▶ [Task details]:
Drop every picture. Return the rest of the entries exactly.
= = =
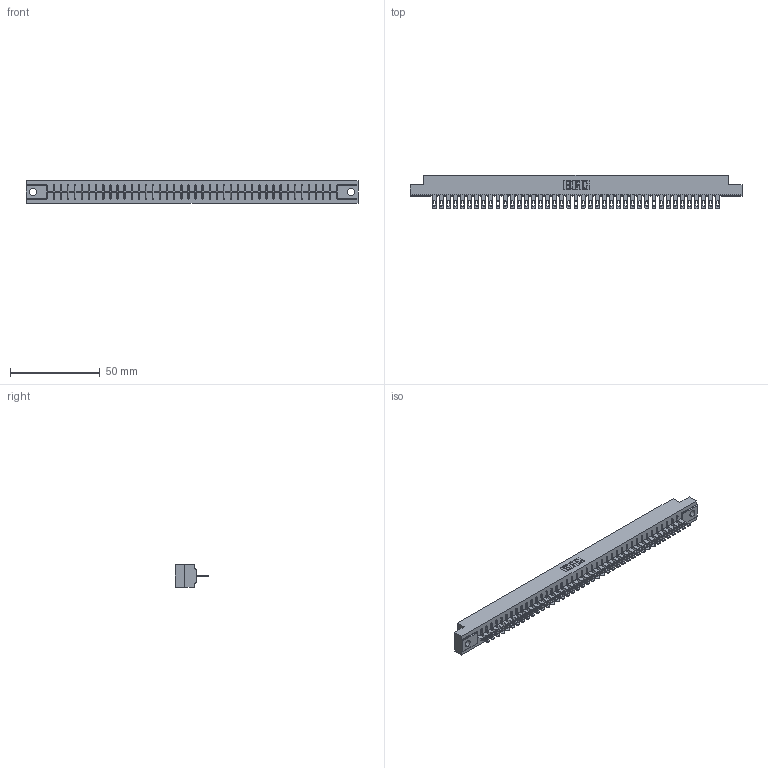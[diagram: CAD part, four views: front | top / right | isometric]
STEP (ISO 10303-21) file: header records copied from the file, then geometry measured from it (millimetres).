
FILE_DESCRIPTION (( 'STEP AP203' ), '1' );
FILE_NAME ('316-041-400-104.STEP', '2020-09-23T06:58:09', ( '' ), ( '' ), 'SwSTEP 2.0', 'SolidWorks 2020', '' );
FILE_SCHEMA (( 'CONFIG_CONTROL_DESIGN' ));
Length unit declared in the file: inch
Products named in the file (3): 306 Part_.156 Dia; 306-290-001_100; 316-041-400-104
Assembly tree (42 placements, depth 2):
  316-041-400-104
    306 Part_.156 Dia
    306-290-001_100  x41
Bounding box: 185.47 x 18.87 x 12.7 mm (x, y, z)
Volume: 20535.8 mm3; surface area: 21593.4 mm2
Topology: 42 solids, 42 shells, 3246 faces, 9167 edges, 5890 vertices
Faces by surface type: plane 2132, cylinder 950, sphere 164
Entity records: 38946 total; most frequent: CARTESIAN_POINT 6544, ORIENTED_EDGE 6486, DIRECTION 6445, EDGE_CURVE 3243, VECTOR 2543, LINE 2543, VERTEX_POINT 2050, AXIS2_PLACEMENT_3D 1951
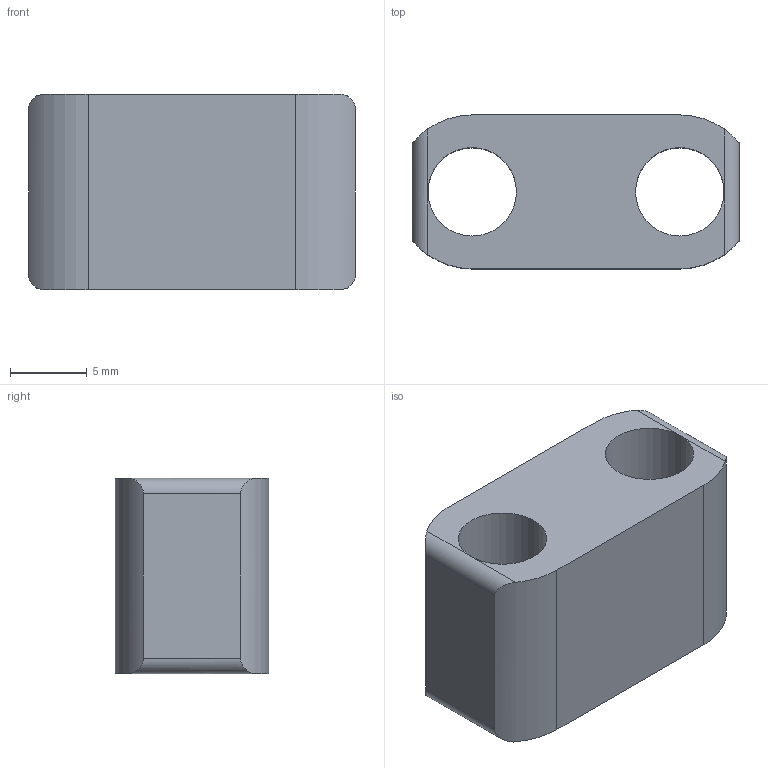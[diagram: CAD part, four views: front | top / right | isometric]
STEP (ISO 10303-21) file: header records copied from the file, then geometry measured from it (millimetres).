
FILE_DESCRIPTION (( 'STEP AP203' ), '1' );
FILE_NAME ('BufferToFCGMid.STEP', '2019-09-03T07:06:28', ( '' ), ( '' ), 'SwSTEP 2.0', 'SolidWorks 2018', '' );
FILE_SCHEMA (( 'CONFIG_CONTROL_DESIGN' ));
Length unit declared in the file: millimetre
Products named in the file (1): BufferToFCGMid
Bounding box: 21.25 x 10 x 12.7 mm (x, y, z)
Volume: 1923.2 mm3; surface area: 1478.5 mm2
Topology: 1 solids, 1 shells, 18 faces, 52 edges, 32 vertices
Faces by surface type: cylinder 12, plane 6
Entity records: 729 total; most frequent: CARTESIAN_POINT 175, ORIENTED_EDGE 104, DIRECTION 98, EDGE_CURVE 52, AXIS2_PLACEMENT_3D 35, VERTEX_POINT 32, LINE 28, VECTOR 28
= = =
▶ [Task solution]:
[diagram: CAD part, four views: front | top / right | isometric]
STEP (ISO 10303-21) file: header records copied from the file, then geometry measured from it (millimetres).
FILE_DESCRIPTION (( 'STEP AP203' ), '1' );
FILE_NAME ('316-041-400-104.STEP', '2020-09-23T06:58:09', ( '' ), ( '' ), 'SwSTEP 2.0', 'SolidWorks 2020', '' );
FILE_SCHEMA (( 'CONFIG_CONTROL_DESIGN' ));
Length unit declared in the file: inch
Products named in the file (3): 306 Part_.156 Dia; 306-290-001_100; 316-041-400-104
Assembly tree (42 placements, depth 2):
  316-041-400-104
    306 Part_.156 Dia
    306-290-001_100  x41
Bounding box: 185.47 x 18.87 x 12.7 mm (x, y, z)
Volume: 20535.8 mm3; surface area: 21593.4 mm2
Topology: 42 solids, 42 shells, 3246 faces, 9167 edges, 5890 vertices
Faces by surface type: plane 2132, cylinder 950, sphere 164
Entity records: 38946 total; most frequent: CARTESIAN_POINT 6544, ORIENTED_EDGE 6486, DIRECTION 6445, EDGE_CURVE 3243, VECTOR 2543, LINE 2543, VERTEX_POINT 2050, AXIS2_PLACEMENT_3D 1951
[diagram: CAD part, four views: front | top / right | isometric]
STEP (ISO 10303-21) file: header records copied from the file, then geometry measured from it (millimetres).
FILE_DESCRIPTION (( 'STEP AP203' ), '1' );
FILE_NAME ('BufferToFCGMid.STEP', '2019-09-03T07:06:28', ( '' ), ( '' ), 'SwSTEP 2.0', 'SolidWorks 2018', '' );
FILE_SCHEMA (( 'CONFIG_CONTROL_DESIGN' ));
Length unit declared in the file: millimetre
Products named in the file (1): BufferToFCGMid
Bounding box: 21.25 x 10 x 12.7 mm (x, y, z)
Volume: 1923.2 mm3; surface area: 1478.5 mm2
Topology: 1 solids, 1 shells, 18 faces, 52 edges, 32 vertices
Faces by surface type: cylinder 12, plane 6
Entity records: 729 total; most frequent: CARTESIAN_POINT 175, ORIENTED_EDGE 104, DIRECTION 98, EDGE_CURVE 52, AXIS2_PLACEMENT_3D 35, VERTEX_POINT 32, LINE 28, VECTOR 28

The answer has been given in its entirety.